MCTS without random playout?

Antonio Torrecillas · Post by **Antonio Torrecillas** » Sun Jan 01, 2012 8:02 pm

Hi,

I'm working again on my unconventional chess engine and looking for new ways to improve the probability Bstar algorithm.I have tried to eliminate the double expansion of the nodes (real + optimism),so as to unify the two phases of the search.
This thinking has led me to an algorithm very similar to MCTS.
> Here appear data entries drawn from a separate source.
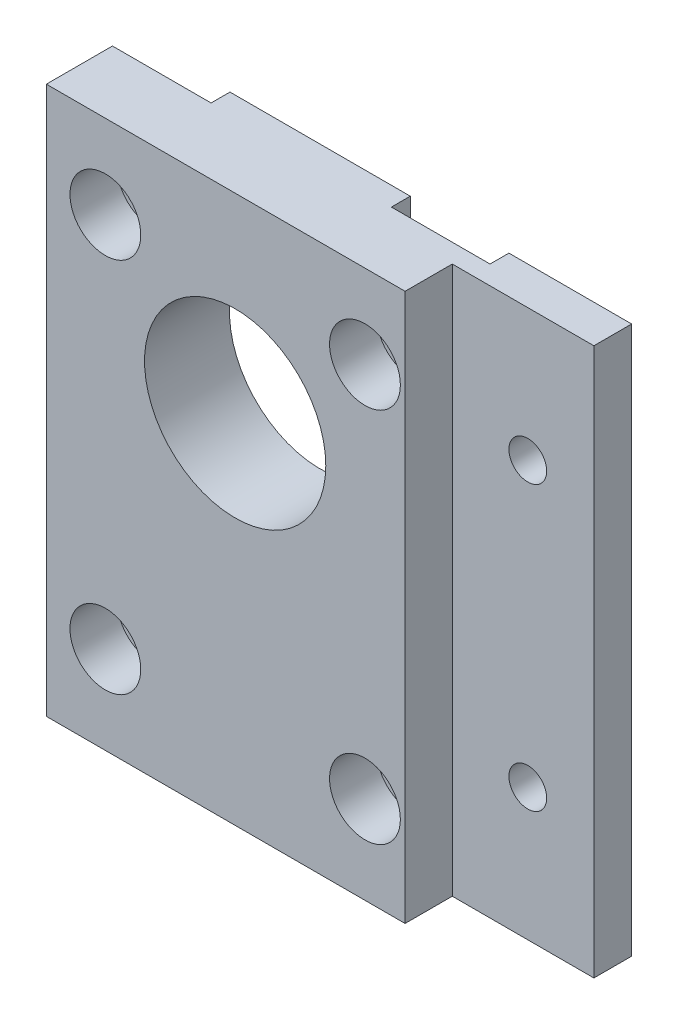
from build123d import *

# Parameters (mm, degrees)
SKETCH1_R           = 4.2
SKETCH1_R_2         = 9.6
BOSS_EXTRUDE1_DEPTH = 2
SKETCH4_W           = 53
SKETCH4_H           = 58
SKETCH4_R           = 2
SKETCH4_R_2         = 9.6
BOSS_EXTRUDE3_DEPTH = 2
SKETCH5_R           = 2
CUT_EXTRUDE1_DEPTH  = 4
SKETCH6_W           = 38
SKETCH6_H           = 58
SKETCH6_R           = 3.75
SKETCH6_R_2         = 9.6
BOSS_EXTRUDE4_DEPTH = 5


with BuildPart() as part:
    # Sketch1 → Boss-Extrude1 (new body)
    with BuildSketch(Plane.XY):
        with BuildLine():
            Line((33, 29), (20, 29))
            Line((20, 29), (20, 21.814655719))
            Line((20, 21.814655719), (17.207493701, 17.765521586))
            ThreePointArc((17.207493701, 17.765521586), (12.50129538, 16.139920603), (9.55, 20.15))
            Line((9.55, 20.15), (9.55, 29))
            Line((9.55, 29), (-9.55, 29))
            Line((-9.55, 29), (-9.55, 20.15))
            ThreePointArc((-9.55, 20.15), (-12.50129538, 16.139920603), (-17.207493701, 17.765521586))
            Line((-17.207493701, 17.765521586), (-20, 21.814655719))
            Line((-20, 21.814655719), (-20, -16.278610808))
            Line((-20, -16.278610808), (-16.186, -16.278610808))
            Line((-16.186, -16.278610808), (-12.112917629, -13.378610808))
            ThreePointArc((-12.112917629, -13.378610808), (-6.255528438, -14.364), (-7.240917629, -20.221389192))
            Line((-7.240917629, -20.221389192), (-11.314, -23.121389192))
            Line((-11.314, -23.121389192), (-11.314, -29))
            Line((-11.314, -29), (9.55, -29))
            Line((9.55, -29), (9.55, -19.7))
            ThreePointArc((9.55, -19.7), (12.50129538, -15.689920603), (17.207493701, -17.315521586))
            Line((17.207493701, -17.315521586), (20, -21.364655719))
            Line((20, -21.364655719), (20, -29))
            Line((20, -29), (33, -29))
            Line((33, -29), (33, 29))
        make_face()
        with Locations((-5.725, -6.1)):
            Circle(SKETCH1_R, mode=Mode.SUBTRACT)
        with Locations((5.725, -6.1)):
            Circle(SKETCH1_R, mode=Mode.SUBTRACT)
        with Locations((0, 8.8)):
            Circle(SKETCH1_R_2, mode=Mode.SUBTRACT)
    extrude(amount=BOSS_EXTRUDE1_DEPTH)

    # Sketch4 → Boss-Extrude3 (add)
    with BuildSketch(Plane.XY.offset(2)):
        with Locations((6.5, 0)):
            Rectangle(SKETCH4_W, SKETCH4_H)
        with Locations((13.75, -19.7)):
            Circle(SKETCH4_R, mode=Mode.SUBTRACT)
        with Locations((-13.75, 20.15)):
            Circle(SKETCH4_R, mode=Mode.SUBTRACT)
        with Locations((13.75, 20.15)):
            Circle(SKETCH4_R, mode=Mode.SUBTRACT)
        with Locations((-13.75, -19.7)):
            Circle(SKETCH4_R, mode=Mode.SUBTRACT)
        with Locations((0, 8.8)):
            Circle(SKETCH4_R_2, mode=Mode.SUBTRACT)
    extrude(amount=BOSS_EXTRUDE3_DEPTH)

    # Sketch5 → Cut-Extrude1 (cut)
    with BuildSketch(Plane.XY.offset(4)):
        with Locations((26, 15)):
            Circle(SKETCH5_R)
        with Locations((26, -15)):
            Circle(SKETCH5_R)
    extrude(amount=-CUT_EXTRUDE1_DEPTH, mode=Mode.SUBTRACT)

    # Sketch6 → Boss-Extrude4 (add)
    with BuildSketch(Plane.XY.offset(4)):
        with Locations((-1, 0)):
            Rectangle(SKETCH6_W, SKETCH6_H)
        with Locations((-13.75, -19.7)):
            Circle(SKETCH6_R, mode=Mode.SUBTRACT)
        with Locations((13.75, -19.7)):
            Circle(SKETCH6_R, mode=Mode.SUBTRACT)
        with Locations((0, 8.8)):
            Circle(SKETCH6_R_2, mode=Mode.SUBTRACT)
        with Locations((-13.75, 20.15)):
            Circle(SKETCH6_R, mode=Mode.SUBTRACT)
        with Locations((13.75, 20.15)):
            Circle(SKETCH6_R, mode=Mode.SUBTRACT)
    extrude(amount=BOSS_EXTRUDE4_DEPTH)


solid = part.part

Let us examine this:(I know I've oversimplified all algorithms. This is only to highlight the similarities and essential differences.)

Code: Select all

MCTS algorithm&#58;
===============
Selection step.
   from root to a leaf, select the nodes according to heuristic UCT. &#40;Upper Confidence Bound applied to tree&#41;.
Play out.
   Random or pseudo-random self-play.
expansion.
   add node to the tree.
Backpropagation.  
   Propagating the values back in the tree &#40;negamax or minimax&#41;

Code: Select all

PB* algorithm&#58;
==============
TraceDown step.
  from root to a leaf, select the nodes according to heuristic PB*.&#40;alternate best move with best optimism probability&#41;.
Expand.
  Alpha-beta, add node to the tree.
Backup.
   Propagating the values back in the tree &#40;negamax or minimax&#41;

Code: Select all

How to name algorithm ?&#58;
========================
Selection step.
   from root to a leaf, select the nodes according to heuristic UCT.
Expand.
   Alpha-beta, add node to the tree.
Backup.
   Propagating the values back in the tree &#40;negamax or minimax&#41;

This is my question:
What name should have a MCTS algorithm with the "random play out" replaced by an "alpha-beta"?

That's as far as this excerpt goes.